3.Mantissa quantization and adaptive bit allocation

As stated, Dolby Digital uses a spectral envelop and a psychoacoustic model to determine the core bit allocation for mantissa coding. In contrast to other coding methods (such as MPEG-1 layers I/II), Dolby Digital coder employs a forward-backward-­ adaptive psychoacoustic model. The decoder also includes a core backward-adaptive model. Core bit allocation uses a psychoacoustic model based on certain assumptions on the masking properties of signals. Some parameters of the model are also transmitted by the data stream. Therefore, the actual psychoacoustic model in a decoder can be adjusted by the coder. The coder can perform an ideal bit allocation based on a complicated but accurate psychoacoustic model and compares the results with the core bit allocation. If core bit allocation can better match the ideal bit allocation by changing some parameters, the coder does so and finishes the bit allocation. Otherwise, the coder sends some information to the decoder.

4.Channel coupling and re-matrixing

At a very low bit rate, the aforementioned compression and coding algorithms may not satisfy the bit rate requirement. In this case, spectral coefficients at high frequencies are combined into a single coupling channel to transmission. The coupling channel is formed by a vector summation of the spectral coefficients from all channels in coupling. This process is an extension of intensity stereo coding in Section 13.4.5. Channel coupling is based on the psychoacoustic principles that low-frequency ITD dominates lateral localization; at a high frequency, only the energy envelop contributes to localization. Dolby Digital decomposes signals into 18 subband components and applies the channel coupling above some subbands. Similar to original channels, spectral coefficients in the coupling channel are represented by binary exponents and a mantissa and coded. The coder calculates the powers of original signals and coupled signal. The resultant power ratio between the original signal and the coupled signal is evaluated for each input channel and each subband and transmitted as side information parameters. The decoder distributes the coupling channel signal to the output channels according to the side information parameters.

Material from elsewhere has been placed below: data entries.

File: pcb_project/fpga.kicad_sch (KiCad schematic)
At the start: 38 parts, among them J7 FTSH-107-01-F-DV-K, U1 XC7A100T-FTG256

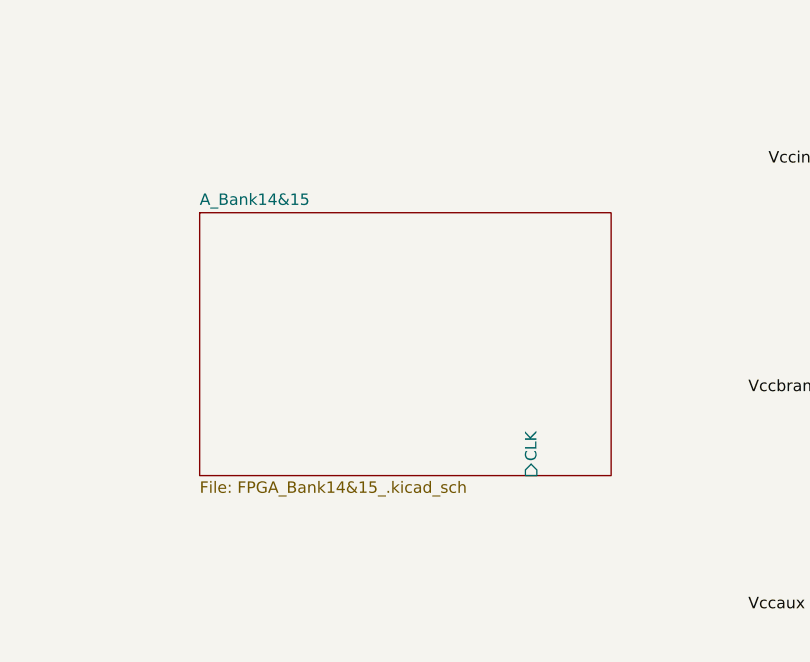
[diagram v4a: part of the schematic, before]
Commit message: Add pin placement for OSPI on FPGA, not wired in root yet
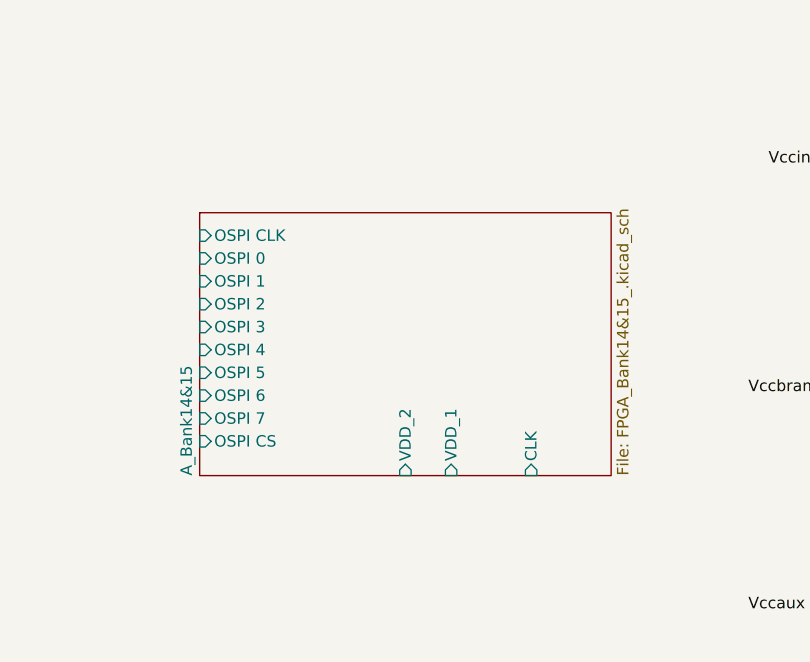
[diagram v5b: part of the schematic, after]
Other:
- sheet A_Bank14&15 ports: added OSPI 0, OSPI 1, OSPI 2, OSPI 3, OSPI 4, OSPI 5, OSPI 6, OSPI 7, OSPI CLK, OSPI CS, VDD_1, VDD_2; removed none
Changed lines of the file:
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@@
 		)
 		(property "Sheetname" "A_Bank14&15"
-			(at 29.21 34.8484 0)
+			(at 28.4984 64.77 90)
 			(effects
 				(font
@@
 		)
 		(property "Sheetfile" "FPGA_Bank14&15_.kicad_sch"
-			(at 29.21 65.3546 0)
+			(at 75.5146 64.77 90)
 			(effects
 				(font
@@
 			(effects
 				(font
+					(size 1.27 1.27)
+				)
+				(justify left)
+			)
+		)
+		(pin "OSPI CLK" input
+			(at 29.21 38.1 180)
+			(effects
+				(font
+					(size 1.27 1.27)
+				)
+				(justify left)
+			)
+		)
+		(pin "OSPI 1" input
+			(at 29.21 43.18 180)
+			(effects
+				(font
+					(size 1.27 1.27)
+				)
+				(justify left)
+			)
+		)
+		(pin "VDD_2" input
+			(at 52.07 64.77 270)
+			(effects
+				(font
+					(size 1.27 1.27)
+				)
+				(justify left)
+			)
+		)
+		(pin "VDD_1" input
+			(at 57.15 64.77 270)
+			(effects
+				(font
+					(size 1.27 1.27)
+				)
+				(justify left)
+			)
+		)
+		(pin "OSPI 6" input
+			(at 29.21 55.88 180)
+			(effects
+				(font
+					(size 1.27 1.27)
+				)
+				(justify left)
+			)
+		)
+		(pin "OSPI CS" input
+			(at 29.21 60.96 180)
+			(effects
+				(font
+					(size 1.27 1.27)
+				)
+				(justify left)
+			)
+		)
+		(pin "OSPI 2" input
+			(at 29.21 45.72 180)
+			(effects
+				(font
+					(size 1.27 1.27)
+				)
+				(justify left)
+			)
+		)
+		(pin "OSPI 0" input
+			(at 29.21 40.64 180)
+			(effects
+				(font
+					(size 1.27 1.27)
+				)
+				(justify left)
+			)
+		)
+		(pin "OSPI 5" input
+			(at 29.21 53.34 180)
+			(effects
+				(font
+					(size 1.27 1.27)
+				)
+				(justify left)
+			)
+		)
+		(pin "OSPI 3" input
+			(at 29.21 48.26 180)
+			(effects
+				(font
+					(size 1.27 1.27)
+				)
+				(justify left)
+			)
+		)
+		(pin "OSPI 4" input
+			(at 29.21 50.8 180)
+			(effects
+				(font
+					(size 1.27 1.27)
+				)
+				(justify left)
+			)
+		)
+		(pin "OSPI 7" input
+			(at 29.21 58.42 180)
+			(effects
+				(font

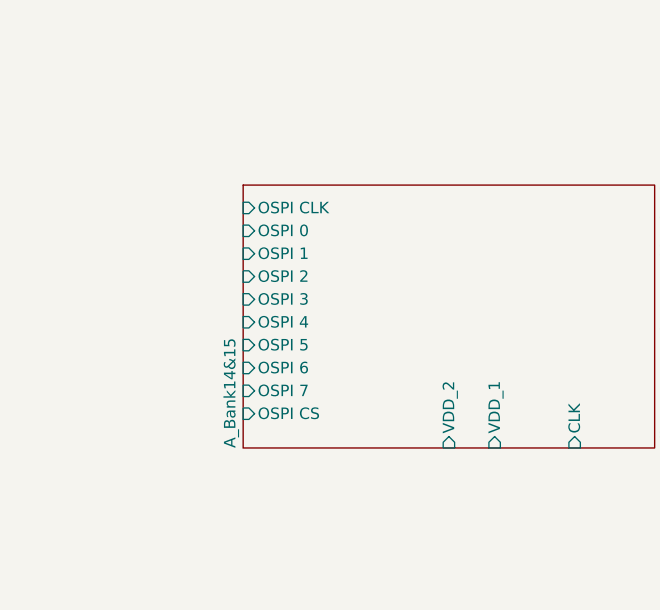
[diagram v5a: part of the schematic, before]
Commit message: SPI connection root
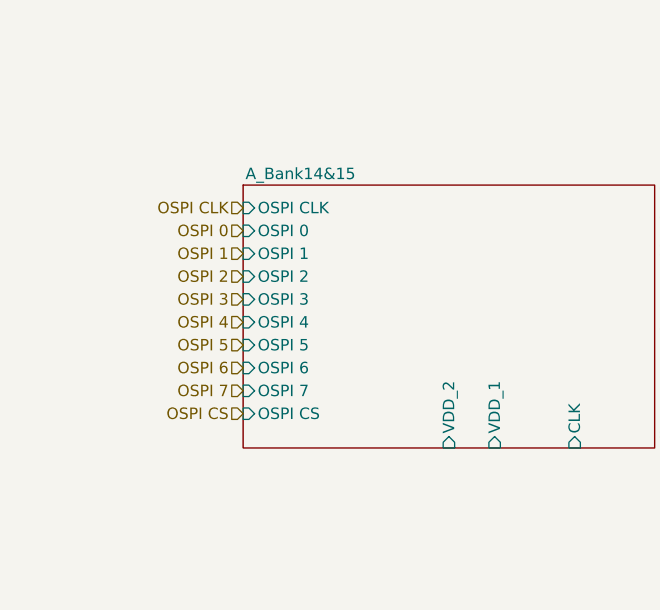
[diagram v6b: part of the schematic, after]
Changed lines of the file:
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@@
 		)
 	)
+	(hierarchical_label "OSPI CS"
+		(shape input)
+		(at 29.21 60.96 180)
+		(effects
+			(font
+				(size 1.27 1.27)
+			)
+			(justify right)
+		)
+	)
+	(hierarchical_label "OSPI 1"
+		(shape input)
+		(at 29.21 43.18 180)
+		(effects
+			(font
+				(size 1.27 1.27)
+			)
+			(justify right)
+		)
+	)
+	(hierarchical_label "OSPI 6"
+		(shape input)
+		(at 29.21 55.88 180)
+		(effects
+			(font
+				(size 1.27 1.27)
+			)
+			(justify right)
+		)
+	)
 	(hierarchical_label "VccAux"
 		(shape input)
@@
 		)
 	)
+	(hierarchical_label "OSPI 5"
+		(shape input)
+		(at 29.21 53.34 180)
+		(effects
+			(font
+				(size 1.27 1.27)
+			)
+			(justify right)
+		)
+	)
+	(hierarchical_label "OSPI CLK"
+		(shape input)
+		(at 29.21 38.1 180)
+		(effects
+			(font
+				(size 1.27 1.27)
+			)
+			(justify right)
+		)
+	)
 	(hierarchical_label "Vcco_0"
 		(shape input)
@@
 		)
 	)
+	(hierarchical_label "OSPI 2"
+		(shape input)
+		(at 29.21 45.72 180)
+		(effects
+			(font
+				(size 1.27 1.27)
+			)
+			(justify right)
+		)
+	)
+	(hierarchical_label "OSPI 4"
+		(shape input)
+		(at 29.21 50.8 180)
+		(effects
+			(font
+				(size 1.27 1.27)
+			)
+			(justify right)
+		)
+	)
+	(hierarchical_label "OSPI 7"
+		(shape input)
+		(at 29.21 58.42 180)
+		(effects
+			(font
+				(size 1.27 1.27)
+			)
+			(justify right)
+		)
+	)
+	(hierarchical_label "OSPI 3"
+		(shape input)
+		(at 29.21 48.26 180)
+		(effects
+			(font
+				(size 1.27 1.27)
+			)
+			(justify right)
+		)
+	)
+	(hierarchical_label "OSPI 0"
+		(shape input)
+		(at 29.21 40.64 180)
+		(effects
+			(font
+				(size 1.27 1.27)
+			)
+			(justify right)
+		)
+	)
 	(hierarchical_label "CLK"
 		(shape output)
@@
 		(on_board yes)
 		(dnp no)
-		(fields_autoplaced yes)
 		(stroke
 			(width 0.1524)
@@
 		)
 		(property "Sheetname" "A_Bank14&15"
-			(at 28.4984 64.77 90)
+			(at 29.464 35.052 0)
 			(effects
 				(font

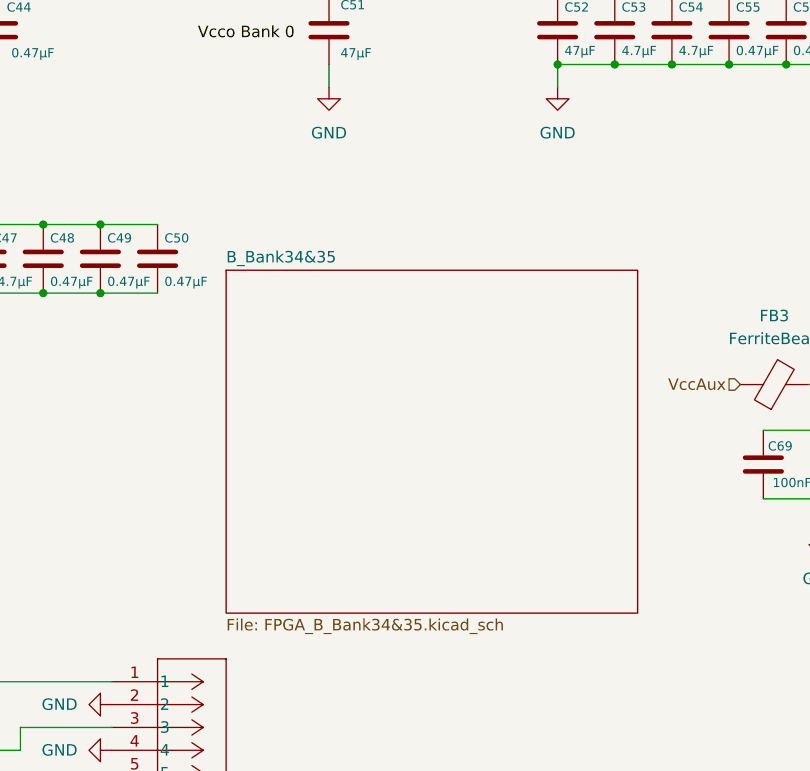
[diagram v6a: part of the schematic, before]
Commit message: VGA Root + Change FPGA Oscilator to 3.3v
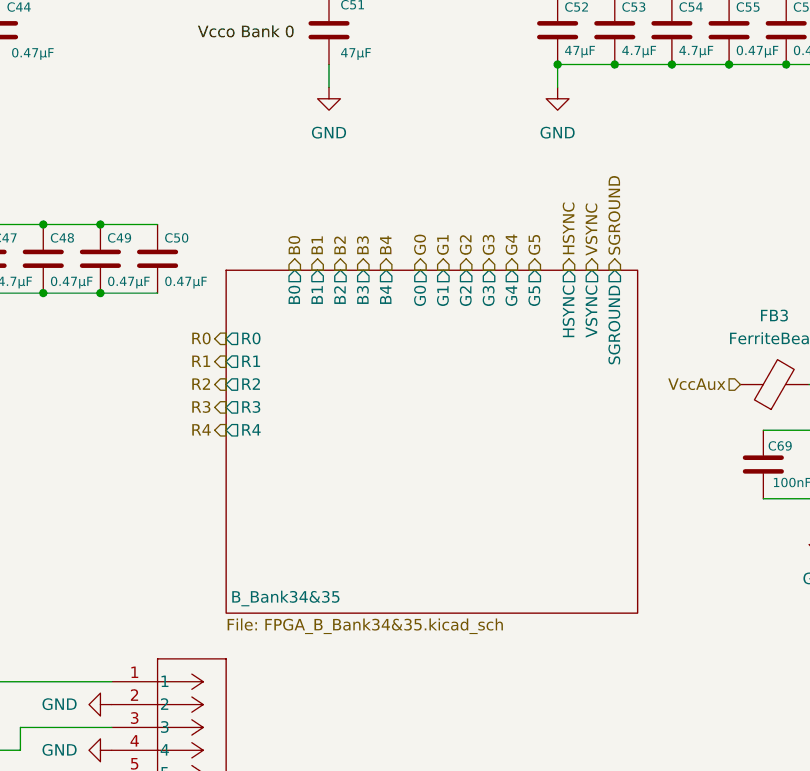
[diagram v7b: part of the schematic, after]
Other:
- sheet B_Bank34&35 ports: added B0, B1, B2, B3, B4, G0, G1, G2, G3, G4, G5, HSYNC, R0, R1, R2, R3, R4, SGROUND, VSYNC; removed none

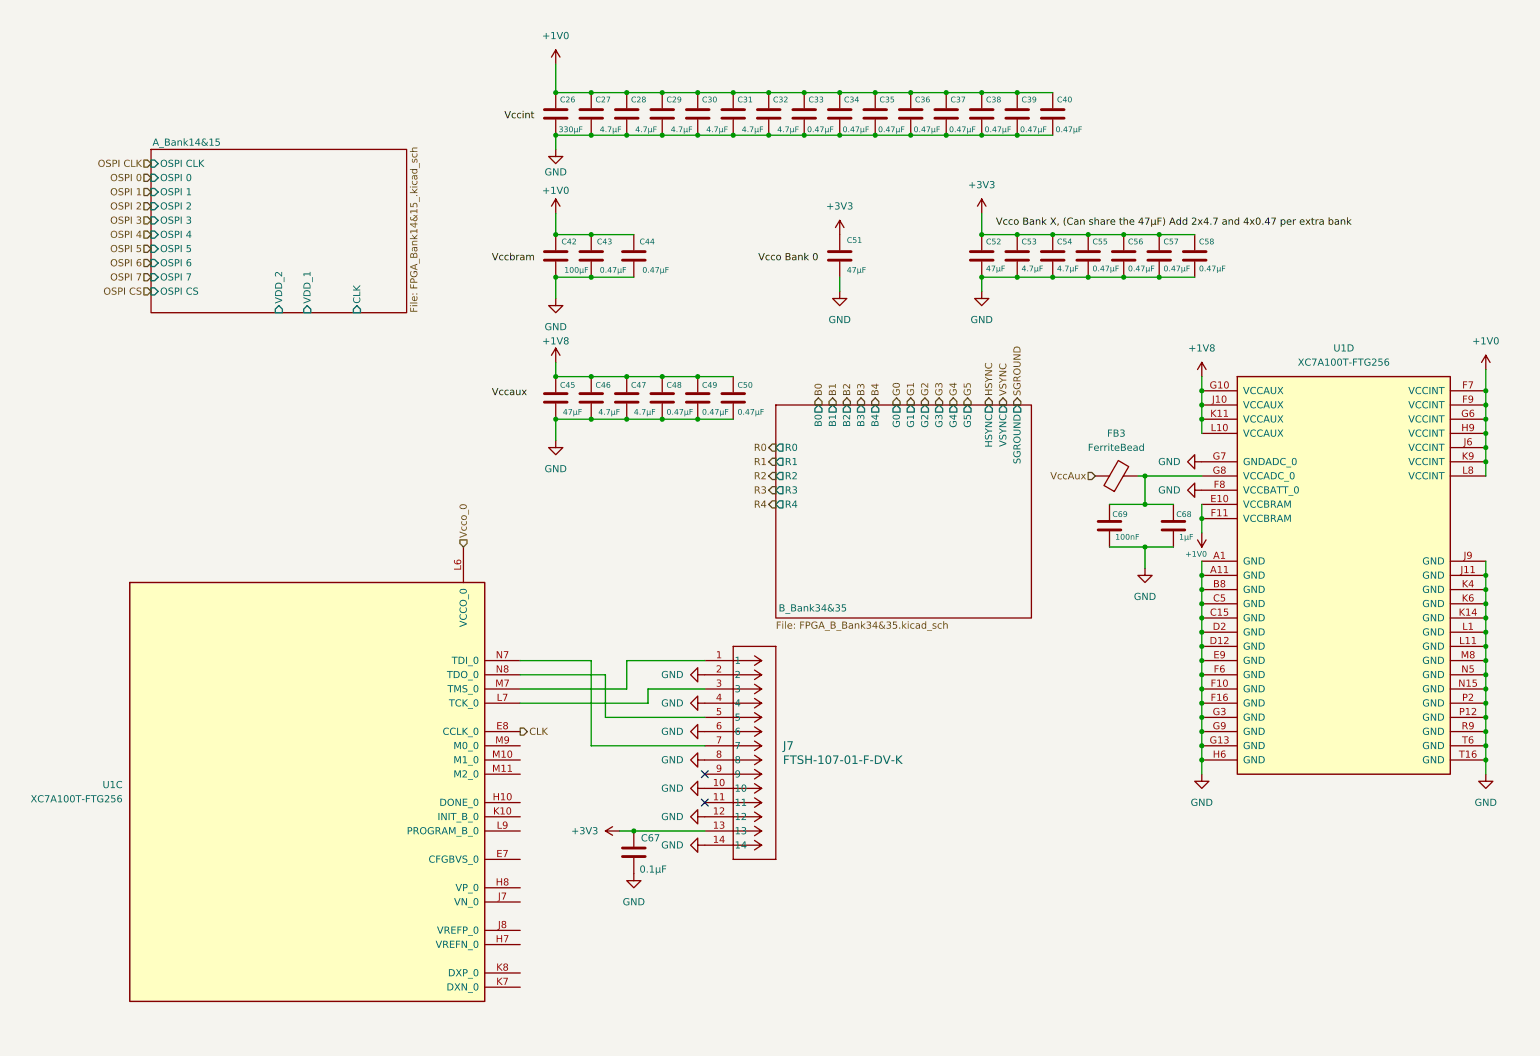
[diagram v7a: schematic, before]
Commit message: Add FPGA configuration LED's, config pins, no connect symbols
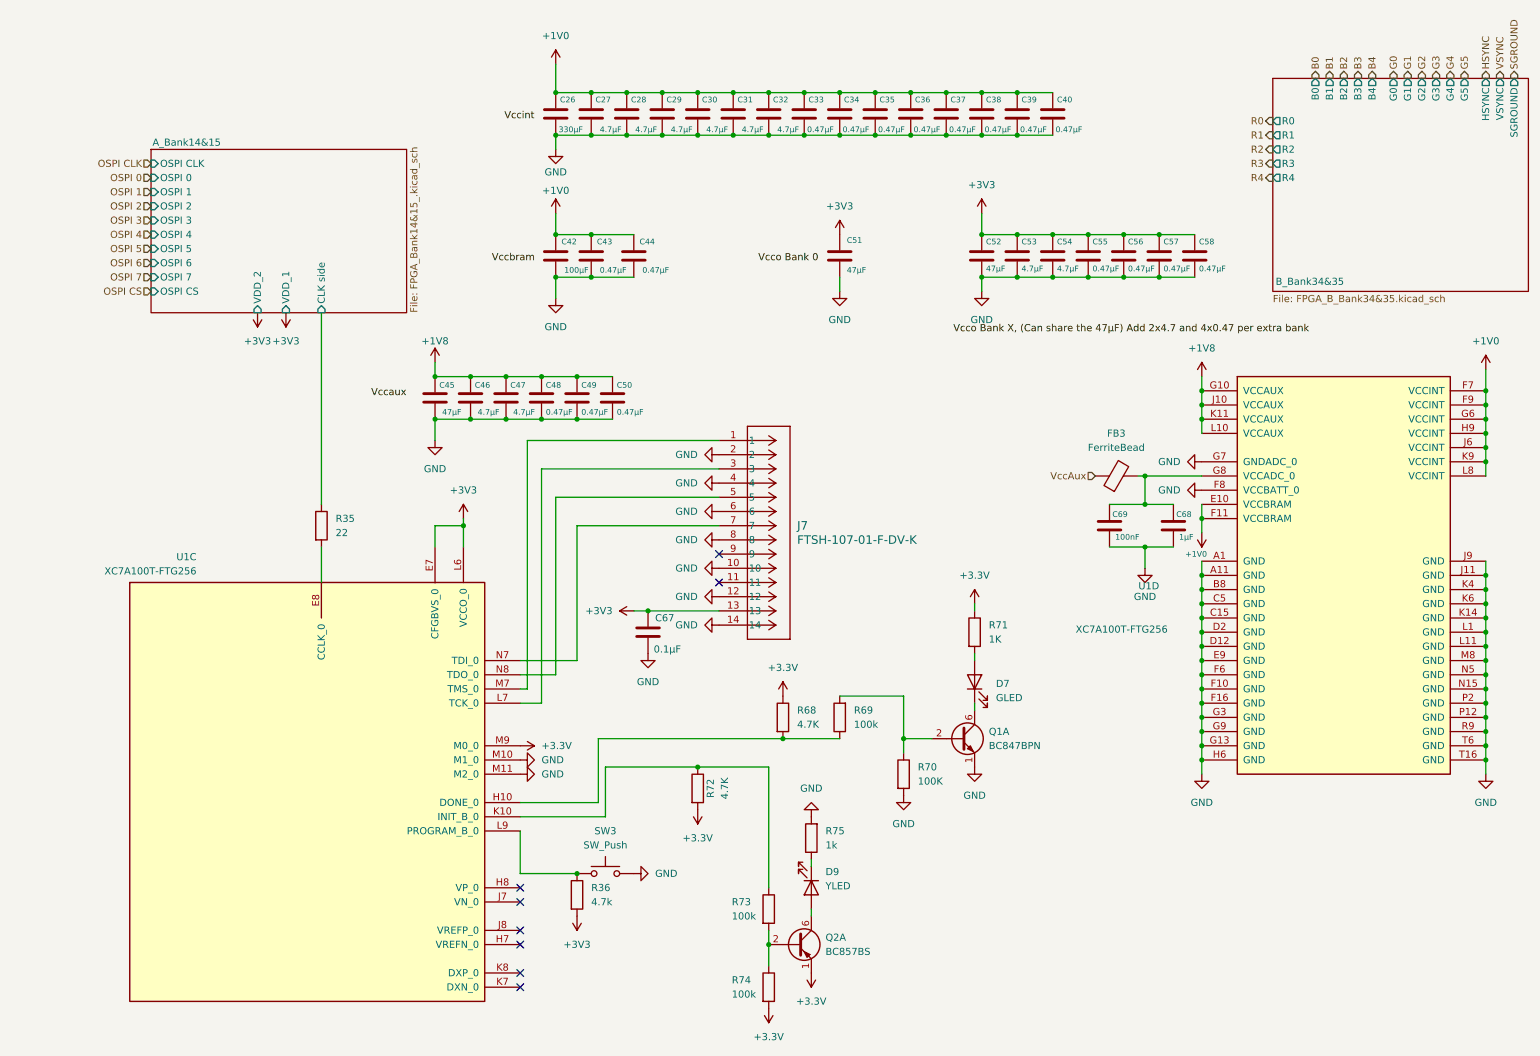
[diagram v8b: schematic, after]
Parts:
- added D7: GLED, symbol Device:LED
- added D9: YLED, symbol Device:LED
- added Q1: BC847BPN, Package_TO_SOT_SMD:SOT-363_SC-70-6, symbol Transistor_BJT:BC847BPN
- added Q2: BC857BS, Package_TO_SOT_SMD:SOT-363_SC-70-6, symbol Transistor_BJT:BC857BS
- added R35: 22, symbol Device:R
- added R36: 4.7k, symbol Device:R
- added R68, R72: 4.7K, symbol Device:R
- added R69, R73, R74: 100k, symbol Device:R
- added R70: 100K, symbol Device:R
- added R71: 1K, symbol Device:R
- added R75: 1k, symbol Device:R
- added SW3: SW_Push, symbol Switch:SW_Push
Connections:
- net Vcco_0 is gone; now on net +3V3: U1.L6 (VCCO_0)
- net +3V3: now also R36.2
- net GND: now also U1.M10 (M1_0), U1.M11 (M2_0), Q1.1 (E1), R70.2, R75.2, SW3.2
- net at U1.H10 (DONE_0): now also R68.2, R69.1
- net at U1.K10 (INIT_B_0): now also R72.1, R73.1
- net at U1.L9 (PROGRAM_B_0): now also R36.1, SW3.1
- net +3.3V: now reaches U1.M9 (M0_0)
- net +3.3V: now also Q2.1 (E1), R68.1, R71.1, R72.2, R74.2
- net CLK: no longer names the net of U1.E8 (CCLK_0)
- net CLK: now also R35.2
- new net: D9.1 (K), R75.1
- new net: D9.2 (A), Q2.6 (C1)
- new net: Q1.2 (B1), R69.2, R70.1
- new net: D7.2 (A), R71.2
- new net: D7.1 (K), Q1.6 (C1)
- new net: Q2.2 (B1), R73.2, R74.1
- new net A_Bank14&15/CLK side: R35.1
- no-connect marks 2 -> 8
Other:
- sheet A_Bank14&15 ports: added CLK side; removed CLK
- moved on the sheet: C45, C46, C47, C48, C49, C50, C67, J7

In re-matrixing, MS coding for a pair of channels with high correlation is used. It is applied to stereophonic signal coding. Its principle is outlined in Section 13.4.5.

In addition to the aforementioned technical details, Dolby Digital possesses some user features.

1.Loudness control

The level of dialog varies in different programs. Switching between different programs directly causes a variation in perceived loudness. Dolby Digital stream includes a code for dialog level normalization, which enables users to set the gain in reproduction according to the required level.